In our test environment, we use two methods to obtain BTCUSDT spot depth data: WebSocket with a 100-ms frequency (maximum available speed) and REST polling with a 50-ms interval. We then filter and insert the latest market data into a table. While the 50-ms update speed is ideal for balancing update frequency and market data acquisition across multiple currency pairs given bandwidth limitations, it's important to note that the REST polling method actually yields higher data volumes due to its faster 50 ms interval.

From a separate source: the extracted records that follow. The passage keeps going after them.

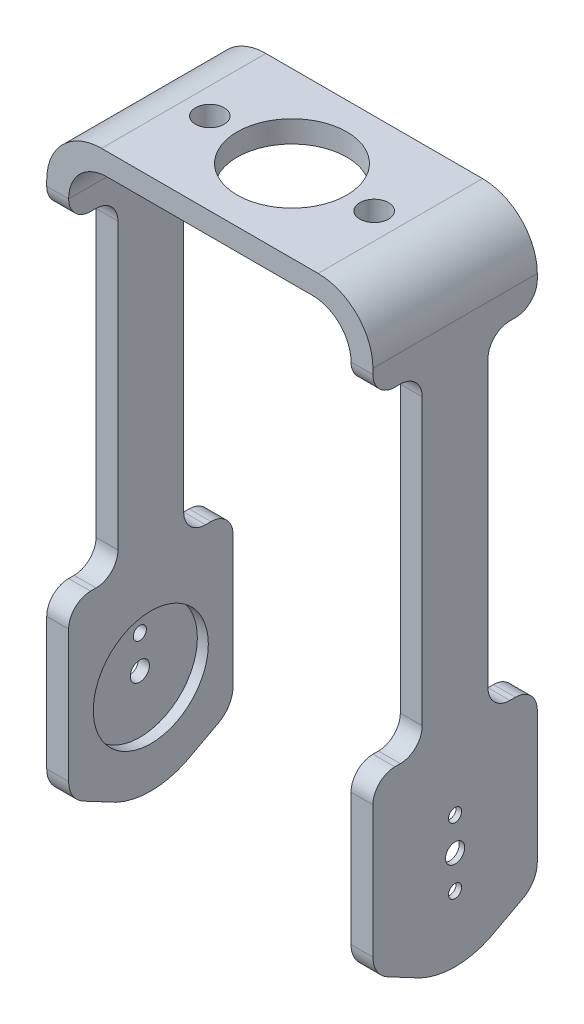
ISO-10303-21;
HEADER;
FILE_DESCRIPTION(('STEP AP214'),'2;1');
FILE_NAME('part.step','',(''),(''),'','','');
FILE_SCHEMA(('AUTOMOTIVE_DESIGN { 1 0 10303 214 1 1 1 1 }'));
ENDSEC;
DATA;
#1=APPLICATION_CONTEXT('core data for automotive mechanical design processes');
#2=APPLICATION_PROTOCOL_DEFINITION('international standard','automotive_design',2000,#1);
#3=PRODUCT_CONTEXT('',#1,'mechanical');
#4=PRODUCT('Part','Part','',(#3));
#5=PRODUCT_RELATED_PRODUCT_CATEGORY('part','',(#4));
#6=PRODUCT_DEFINITION_FORMATION('','',#4);
#7=PRODUCT_DEFINITION_CONTEXT('part definition',#1,'design');
#8=PRODUCT_DEFINITION('design','',#6,#7);
#9=PRODUCT_DEFINITION_SHAPE('','',#8);
#10=(LENGTH_UNIT() NAMED_UNIT(*) SI_UNIT(.MILLI.,.METRE.));
#11=(NAMED_UNIT(*) PLANE_ANGLE_UNIT() SI_UNIT($,.RADIAN.));
#12=(NAMED_UNIT(*) SI_UNIT($,.STERADIAN.) SOLID_ANGLE_UNIT());
#13=UNCERTAINTY_MEASURE_WITH_UNIT(LENGTH_MEASURE(1.E-05),#10,'distance_accuracy_value','');
#14=(GEOMETRIC_REPRESENTATION_CONTEXT(3) GLOBAL_UNCERTAINTY_ASSIGNED_CONTEXT((#13)) GLOBAL_UNIT_ASSIGNED_CONTEXT((#10,
#11,#12)) REPRESENTATION_CONTEXT('',''));
#15=CARTESIAN_POINT('',(0.,0.,0.));
#16=DIRECTION('',(0.,0.,1.));
#17=DIRECTION('',(1.,0.,0.));
#18=AXIS2_PLACEMENT_3D('',#15,#16,#17);
#19=CARTESIAN_POINT('',(0.,0.,-15.));
#20=DIRECTION('',(0.,0.,1.));
#21=DIRECTION('',(1.,0.,0.));
#22=AXIS2_PLACEMENT_3D('',#19,#20,#21);
#23=PLANE('',#22);
#24=DIRECTION('',(0.,1.,0.));
#25=VECTOR('',#24,1.);
#26=CARTESIAN_POINT('',(25.7740385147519,-24.3,-15.));
#27=LINE('',#26,#25);
#28=CARTESIAN_POINT('',(25.7740385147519,18.1173023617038,-15.));
#29=VERTEX_POINT('',#28);
#30=CARTESIAN_POINT('',(25.7740385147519,-5.99081256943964,-15.));
#31=VERTEX_POINT('',#30);
#32=EDGE_CURVE('E429',#29,#31,#27,.F.);
#33=ORIENTED_EDGE('',*,*,#32,.F.);
#34=DIRECTION('',(1.,0.,0.));
#35=VECTOR('',#34,1.);
#36=CARTESIAN_POINT('',(0.,18.1173023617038,-15.));
#37=LINE('',#36,#35);
#38=CARTESIAN_POINT('',(29.7740385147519,18.1173023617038,-15.));
#39=VERTEX_POINT('',#38);
#40=EDGE_CURVE('E649',#29,#39,#37,.T.);
#41=ORIENTED_EDGE('',*,*,#40,.T.);
#42=DIRECTION('',(0.,-1.,0.));
#43=VECTOR('',#42,1.);
#44=CARTESIAN_POINT('',(29.7740385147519,-24.3,-15.));
#45=LINE('',#44,#43);
#46=CARTESIAN_POINT('',(29.7740385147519,-5.99081256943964,-15.));
#47=VERTEX_POINT('',#46);
#48=EDGE_CURVE('E431',#39,#47,#45,.T.);
#49=ORIENTED_EDGE('',*,*,#48,.T.);
#50=DIRECTION('',(-1.,0.,0.));
#51=VECTOR('',#50,1.);
#52=CARTESIAN_POINT('',(25.7740385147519,-5.99081256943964,-15.));
#53=LINE('',#52,#51);
#54=EDGE_CURVE('E473',#47,#31,#53,.T.);
#55=ORIENTED_EDGE('',*,*,#54,.T.);
#56=EDGE_LOOP('',(#33,#41,#49,#55));
#57=FACE_BOUND('',#56,.T.);
#58=ADVANCED_FACE('F35',(#57),#23,.F.);
#59=DIRECTION('',(0.,1.,0.));
#60=VECTOR('',#59,1.);
#61=CARTESIAN_POINT('',(-29.7740385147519,-24.3,-15.));
#62=LINE('',#61,#60);
#63=CARTESIAN_POINT('',(-29.7740385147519,-5.99081256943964,-15.));
#64=VERTEX_POINT('',#63);
#65=CARTESIAN_POINT('',(-29.7740385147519,18.1173023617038,-15.));
#66=VERTEX_POINT('',#65);
#67=EDGE_CURVE('E439',#64,#66,#62,.T.);
#68=ORIENTED_EDGE('',*,*,#67,.T.);
#69=DIRECTION('',(1.,0.,0.));
#70=VECTOR('',#69,1.);
#71=CARTESIAN_POINT('',(0.,18.1173023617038,-15.));
#72=LINE('',#71,#70);
#73=CARTESIAN_POINT('',(-25.7740385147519,18.1173023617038,-15.));
#74=VERTEX_POINT('',#73);
#75=EDGE_CURVE('E642',#66,#74,#72,.T.);
#76=ORIENTED_EDGE('',*,*,#75,.T.);
#77=DIRECTION('',(0.,1.,0.));
#78=VECTOR('',#77,1.);
#79=CARTESIAN_POINT('',(-25.7740385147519,-24.3,-15.));
#80=LINE('',#79,#78);
#81=CARTESIAN_POINT('',(-25.7740385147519,-5.99081256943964,-15.));
#82=VERTEX_POINT('',#81);
#83=EDGE_CURVE('E442',#82,#74,#80,.T.);
#84=ORIENTED_EDGE('',*,*,#83,.F.);
#85=DIRECTION('',(-1.,0.,0.));
#86=VECTOR('',#85,1.);
#87=CARTESIAN_POINT('',(-29.7740385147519,-5.99081256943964,-15.));
#88=LINE('',#87,#86);
#89=EDGE_CURVE('E470',#82,#64,#88,.T.);
#90=ORIENTED_EDGE('',*,*,#89,.T.);
#91=EDGE_LOOP('',(#68,#76,#84,#90));
#92=FACE_BOUND('',#91,.T.);
#93=ADVANCED_FACE('F807',(#92),#23,.F.);
#94=CARTESIAN_POINT('',(0.,0.,15.));
#95=DIRECTION('',(0.,0.,1.));
#96=DIRECTION('',(1.,0.,0.));
#97=AXIS2_PLACEMENT_3D('',#94,#95,#96);
#98=PLANE('',#97);
#99=DIRECTION('',(0.,1.,0.));
#100=VECTOR('',#99,1.);
#101=CARTESIAN_POINT('',(-29.7740385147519,-24.3,15.));
#102=LINE('',#101,#100);
#103=CARTESIAN_POINT('',(-29.7740385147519,86.1173023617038,15.));
#104=VERTEX_POINT('',#103);
#105=CARTESIAN_POINT('',(-29.7740385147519,87.1173023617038,15.));
#106=VERTEX_POINT('',#105);
#107=EDGE_CURVE('E418',#104,#106,#102,.T.);
#108=ORIENTED_EDGE('',*,*,#107,.F.);
#109=DIRECTION('',(-1.,0.,0.));
#110=VECTOR('',#109,1.);
#111=CARTESIAN_POINT('',(-25.7740385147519,86.1173023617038,15.));
#112=LINE('',#111,#110);
#113=CARTESIAN_POINT('',(-25.7740385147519,86.1173023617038,15.));
#114=VERTEX_POINT('',#113);
#115=EDGE_CURVE('E612',#104,#114,#112,.F.);
#116=ORIENTED_EDGE('',*,*,#115,.T.);
#117=CARTESIAN_POINT('',(-18.7740385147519,86.1173023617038,15.));
#118=DIRECTION('',(0.,0.,1.));
#119=DIRECTION('',(1.,0.,0.));
#120=AXIS2_PLACEMENT_3D('',#117,#118,#119);
#121=CIRCLE('',#120,7.);
#122=CARTESIAN_POINT('',(-18.7740385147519,93.1173023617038,15.));
#123=VERTEX_POINT('',#122);
#124=EDGE_CURVE('E366',#114,#123,#121,.F.);
#125=ORIENTED_EDGE('',*,*,#124,.T.);
#126=DIRECTION('',(1.,0.,0.));
#127=VECTOR('',#126,1.);
#128=CARTESIAN_POINT('',(-29.7740385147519,93.1173023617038,15.));
#129=LINE('',#128,#127);
#130=CARTESIAN_POINT('',(18.7740385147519,93.1173023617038,15.));
#131=VERTEX_POINT('',#130);
#132=EDGE_CURVE('E425',#123,#131,#129,.T.);
#133=ORIENTED_EDGE('',*,*,#132,.T.);
#134=CARTESIAN_POINT('',(18.7740385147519,86.1173023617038,15.));
#135=DIRECTION('',(0.,0.,1.));
#136=DIRECTION('',(1.,0.,0.));
#137=AXIS2_PLACEMENT_3D('',#134,#135,#136);
#138=CIRCLE('',#137,7.);
#139=CARTESIAN_POINT('',(25.7740385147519,86.1173023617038,15.));
#140=VERTEX_POINT('',#139);
#141=EDGE_CURVE('E462',#131,#140,#138,.F.);
#142=ORIENTED_EDGE('',*,*,#141,.T.);
#143=DIRECTION('',(-1.,0.,0.));
#144=VECTOR('',#143,1.);
#145=CARTESIAN_POINT('',(29.7740385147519,86.1173023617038,15.));
#146=LINE('',#145,#144);
#147=CARTESIAN_POINT('',(29.7740385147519,86.1173023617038,15.));
#148=VERTEX_POINT('',#147);
#149=EDGE_CURVE('E610',#140,#148,#146,.F.);
#150=ORIENTED_EDGE('',*,*,#149,.T.);
#151=DIRECTION('',(0.,-1.,0.));
#152=VECTOR('',#151,1.);
#153=CARTESIAN_POINT('',(29.7740385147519,-24.3,15.));
#154=LINE('',#153,#152);
#155=CARTESIAN_POINT('',(29.7740385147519,87.1173023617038,15.));
#156=VERTEX_POINT('',#155);
#157=EDGE_CURVE('E412',#156,#148,#154,.T.);
#158=ORIENTED_EDGE('',*,*,#157,.F.);
#159=CARTESIAN_POINT('',(19.7740385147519,87.1173023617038,15.));
#160=DIRECTION('',(0.,0.,1.));
#161=DIRECTION('',(1.,0.,0.));
#162=AXIS2_PLACEMENT_3D('',#159,#160,#161);
#163=CIRCLE('',#162,10.);
#164=CARTESIAN_POINT('',(19.7740385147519,97.1173023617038,15.));
#165=VERTEX_POINT('',#164);
#166=EDGE_CURVE('E529',#156,#165,#163,.T.);
#167=ORIENTED_EDGE('',*,*,#166,.T.);
#168=DIRECTION('',(1.,0.,0.));
#169=VECTOR('',#168,1.);
#170=CARTESIAN_POINT('',(29.7740385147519,97.1173023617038,15.));
#171=LINE('',#170,#169);
#172=CARTESIAN_POINT('',(-19.7740385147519,97.1173023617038,15.));
#173=VERTEX_POINT('',#172);
#174=EDGE_CURVE('E415',#173,#165,#171,.T.);
#175=ORIENTED_EDGE('',*,*,#174,.F.);
#176=CARTESIAN_POINT('',(-19.7740385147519,87.1173023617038,15.));
#177=DIRECTION('',(0.,0.,1.));
#178=DIRECTION('',(1.,0.,0.));
#179=AXIS2_PLACEMENT_3D('',#176,#177,#178);
#180=CIRCLE('',#179,10.);
#181=EDGE_CURVE('E531',#173,#106,#180,.T.);
#182=ORIENTED_EDGE('',*,*,#181,.T.);
#183=EDGE_LOOP('',(#108,#116,#125,#133,#142,#150,#158,#167,#175,#182));
#184=FACE_BOUND('',#183,.T.);
#185=ADVANCED_FACE('F832',(#184),#98,.T.);
#186=DIRECTION('',(0.,1.,0.));
#187=VECTOR('',#186,1.);
#188=CARTESIAN_POINT('',(-25.7740385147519,-24.3,15.));
#189=LINE('',#188,#187);
#190=CARTESIAN_POINT('',(-25.7740385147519,-5.99081256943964,15.));
#191=VERTEX_POINT('',#190);
#192=CARTESIAN_POINT('',(-25.7740385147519,18.1173023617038,15.));
#193=VERTEX_POINT('',#192);
#194=EDGE_CURVE('E422',#191,#193,#189,.T.);
#195=ORIENTED_EDGE('',*,*,#194,.T.);
#196=DIRECTION('',(1.,0.,0.));
#197=VECTOR('',#196,1.);
#198=CARTESIAN_POINT('',(-29.7740385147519,18.1173023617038,15.));
#199=LINE('',#198,#197);
#200=CARTESIAN_POINT('',(-29.7740385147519,18.1173023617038,15.));
#201=VERTEX_POINT('',#200);
#202=EDGE_CURVE('E645',#193,#201,#199,.F.);
#203=ORIENTED_EDGE('',*,*,#202,.T.);
#204=CARTESIAN_POINT('',(-29.7740385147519,-5.99081256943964,15.));
#205=VERTEX_POINT('',#204);
#206=EDGE_CURVE('E419',#205,#201,#102,.T.);
#207=ORIENTED_EDGE('',*,*,#206,.F.);
#208=DIRECTION('',(-1.,0.,0.));
#209=VECTOR('',#208,1.);
#210=CARTESIAN_POINT('',(-25.7740385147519,-5.99081256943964,15.));
#211=LINE('',#210,#209);
#212=EDGE_CURVE('E500',#205,#191,#211,.F.);
#213=ORIENTED_EDGE('',*,*,#212,.T.);
#214=EDGE_LOOP('',(#195,#203,#207,#213));
#215=FACE_BOUND('',#214,.T.);
#216=ADVANCED_FACE('F849',(#215),#98,.T.);
#217=CARTESIAN_POINT('',(43.2259614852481,3.,0.));
#218=DIRECTION('',(-1.,0.,0.));
#219=DIRECTION('',(0.,0.,1.));
#220=AXIS2_PLACEMENT_3D('',#217,#218,#219);
#221=CYLINDRICAL_SURFACE('',#220,1.75);
#222=CARTESIAN_POINT('',(29.7740385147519,3.,0.));
#223=DIRECTION('',(1.,0.,0.));
#224=DIRECTION('',(0.,0.,-1.));
#225=AXIS2_PLACEMENT_3D('',#222,#223,#224);
#226=CIRCLE('',#225,1.75);
#227=CARTESIAN_POINT('',(29.7740385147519,3.,-1.75));
#228=VERTEX_POINT('',#227);
#229=EDGE_CURVE('E397',#228,#228,#226,.T.);
#230=ORIENTED_EDGE('',*,*,#229,.T.);
#231=EDGE_LOOP('',(#230));
#232=FACE_BOUND('',#231,.T.);
#233=CARTESIAN_POINT('',(28.7740385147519,3.,0.));
#234=DIRECTION('',(-1.,0.,0.));
#235=DIRECTION('',(0.,0.,1.));
#236=AXIS2_PLACEMENT_3D('',#233,#234,#235);
#237=CIRCLE('',#236,1.75);
#238=CARTESIAN_POINT('',(28.7740385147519,3.,1.75));
#239=VERTEX_POINT('',#238);
#240=EDGE_CURVE('E513',#239,#239,#237,.F.);
#241=ORIENTED_EDGE('',*,*,#240,.F.);
#242=EDGE_LOOP('',(#241));
#243=FACE_BOUND('',#242,.T.);
#244=ADVANCED_FACE('F1245',(#232,#243),#221,.F.);
#245=CARTESIAN_POINT('',(-29.7740385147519,3.,0.));
#246=DIRECTION('',(-1.,0.,0.));
#247=DIRECTION('',(0.,0.,1.));
#248=AXIS2_PLACEMENT_3D('',#245,#246,#247);
#249=CIRCLE('',#248,1.75);
#250=CARTESIAN_POINT('',(-29.7740385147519,3.,1.75));
#251=VERTEX_POINT('',#250);
#252=EDGE_CURVE('E394',#251,#251,#249,.T.);
#253=ORIENTED_EDGE('',*,*,#252,.T.);
#254=EDGE_LOOP('',(#253));
#255=FACE_BOUND('',#254,.T.);
#256=CARTESIAN_POINT('',(-27.7740385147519,3.,0.));
#257=DIRECTION('',(1.,0.,0.));
#258=DIRECTION('',(0.,0.,-1.));
#259=AXIS2_PLACEMENT_3D('',#256,#257,#258);
#260=CIRCLE('',#259,1.75);
#261=CARTESIAN_POINT('',(-27.7740385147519,3.,-1.75));
#262=VERTEX_POINT('',#261);
#263=EDGE_CURVE('E508',#262,#262,#260,.F.);
#264=ORIENTED_EDGE('',*,*,#263,.F.);
#265=EDGE_LOOP('',(#264));
#266=FACE_BOUND('',#265,.T.);
#267=ADVANCED_FACE('F1476',(#255,#266),#221,.F.);
#268=CARTESIAN_POINT('',(44.5049769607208,-13.2327844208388,-7.01165968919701));
#269=DIRECTION('',(0.,-0.883620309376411,-0.468204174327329));
#270=DIRECTION('',(0.,0.468204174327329,-0.883620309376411));
#271=AXIS2_PLACEMENT_3D('',#268,#269,#270);
#272=PLANE('',#271);
#273=DIRECTION('',(0.,-0.468204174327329,0.883620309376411));
#274=VECTOR('',#273,1.);
#275=CARTESIAN_POINT('',(25.7740385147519,-13.2327844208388,-7.01165968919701));
#276=LINE('',#275,#274);
#277=CARTESIAN_POINT('',(25.7740385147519,-10.4089141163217,-12.3410208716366));
#278=VERTEX_POINT('',#277);
#279=CARTESIAN_POINT('',(25.7740385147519,-12.8327383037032,-7.76664841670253));
#280=VERTEX_POINT('',#279);
#281=EDGE_CURVE('E783',#278,#280,#276,.T.);
#282=ORIENTED_EDGE('',*,*,#281,.F.);
#283=DIRECTION('',(-1.,0.,0.));
#284=VECTOR('',#283,1.);
#285=CARTESIAN_POINT('',(29.7740385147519,-10.4089141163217,-12.3410208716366));
#286=LINE('',#285,#284);
#287=CARTESIAN_POINT('',(29.7740385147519,-10.4089141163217,-12.3410208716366));
#288=VERTEX_POINT('',#287);
#289=EDGE_CURVE('E481',#278,#288,#286,.F.);
#290=ORIENTED_EDGE('',*,*,#289,.T.);
#291=DIRECTION('',(0.,-0.468204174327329,0.883620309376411));
#292=VECTOR('',#291,1.);
#293=CARTESIAN_POINT('',(29.7740385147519,-13.2327844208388,-7.01165968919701));
#294=LINE('',#293,#292);
#295=CARTESIAN_POINT('',(29.7740385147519,-12.8327383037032,-7.76664841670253));
#296=VERTEX_POINT('',#295);
#297=EDGE_CURVE('E791',#288,#296,#294,.T.);
#298=ORIENTED_EDGE('',*,*,#297,.T.);
#299=DIRECTION('',(-1.,0.,0.));
#300=VECTOR('',#299,1.);
#301=CARTESIAN_POINT('',(44.5049769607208,-12.8327383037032,-7.76664841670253));
#302=LINE('',#301,#300);
#303=EDGE_CURVE('E388',#296,#280,#302,.T.);
#304=ORIENTED_EDGE('',*,*,#303,.T.);
#305=EDGE_LOOP('',(#282,#290,#298,#304));
#306=FACE_BOUND('',#305,.T.);
#307=ADVANCED_FACE('F900',(#306),#272,.T.);
#308=CARTESIAN_POINT('',(44.5049769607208,-13.2327844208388,7.01165968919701));
#309=DIRECTION('',(0.,0.883620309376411,-0.468204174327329));
#310=DIRECTION('',(0.,0.468204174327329,0.883620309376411));
#311=AXIS2_PLACEMENT_3D('',#308,#309,#310);
#312=PLANE('',#311);
#313=DIRECTION('',(0.,-0.468204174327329,-0.883620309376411));
#314=VECTOR('',#313,1.);
#315=CARTESIAN_POINT('',(29.7740385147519,-13.2327844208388,7.01165968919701));
#316=LINE('',#315,#314);
#317=CARTESIAN_POINT('',(29.7740385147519,-10.4089141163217,12.3410208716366));
#318=VERTEX_POINT('',#317);
#319=CARTESIAN_POINT('',(29.7740385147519,-12.8327383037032,7.76664841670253));
#320=VERTEX_POINT('',#319);
#321=EDGE_CURVE('E786',#318,#320,#316,.T.);
#322=ORIENTED_EDGE('',*,*,#321,.F.);
#323=DIRECTION('',(-1.,0.,0.));
#324=VECTOR('',#323,1.);
#325=CARTESIAN_POINT('',(25.7740385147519,-10.4089141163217,12.3410208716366));
#326=LINE('',#325,#324);
#327=CARTESIAN_POINT('',(25.7740385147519,-10.4089141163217,12.3410208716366));
#328=VERTEX_POINT('',#327);
#329=EDGE_CURVE('E497',#318,#328,#326,.T.);
#330=ORIENTED_EDGE('',*,*,#329,.T.);
#331=DIRECTION('',(0.,-0.468204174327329,-0.883620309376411));
#332=VECTOR('',#331,1.);
#333=CARTESIAN_POINT('',(25.7740385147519,-13.2327844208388,7.01165968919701));
#334=LINE('',#333,#332);
#335=CARTESIAN_POINT('',(25.7740385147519,-12.8327383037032,7.76664841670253));
#336=VERTEX_POINT('',#335);
#337=EDGE_CURVE('E365',#328,#336,#334,.T.);
#338=ORIENTED_EDGE('',*,*,#337,.T.);
#339=DIRECTION('',(-1.,0.,0.));
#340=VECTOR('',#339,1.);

After 24 hours of data acquisition:

  • REST polling: 1,383,480
  • WebSocket subscription: 644,808
  • Duplicate records: 10,020
The latest market table latestDepthST receives 1,753,067 new records, with the specific composition as follows:
Metric Value Percentage
Total Records 1,753,067 100%
WebSocket Records 515,501 29.41%
REST Records 1,237,566 70.59%

From the results, we can see that the number of new records added to latestDepthST is greater than the number of records obtained separately through WebSocket and REST. Moreover, a higher proportion of REST data in the table indicates that this multi-source integration approach can increase the frequency and timeliness of data acquisition compared to a single access method. Additionally, since the data obtained from WebSocket and REST APIs are pushed from different servers, this method helps avoid problems caused by a single server failure. This further demonstrates that multi-source market data access can obtain market streams more quickly, reducing the risks associated with network fluctuations and exchange service failures.

6. Conclusion

This article introduces a DolphinDB-based solution in multi-source market stream access and integration of cryptocurrency market. By integrating multiple data sources and implementing efficient data cleansing and storage, DolphinDB not only improves the refresh frequency and timeliness of data acquisition but also ensures data continuity and reliability. The test results show that this approach significantly increases the amount of market data obtained and improves the data refresh interval, providing traders with more reliable and timely market data support.

In summary, DolphinDB's multi-source market data integration solution significantly enhances the cryptocurrency market data acquisition process, providing traders with a superior framework for strategic trading decisions and activities.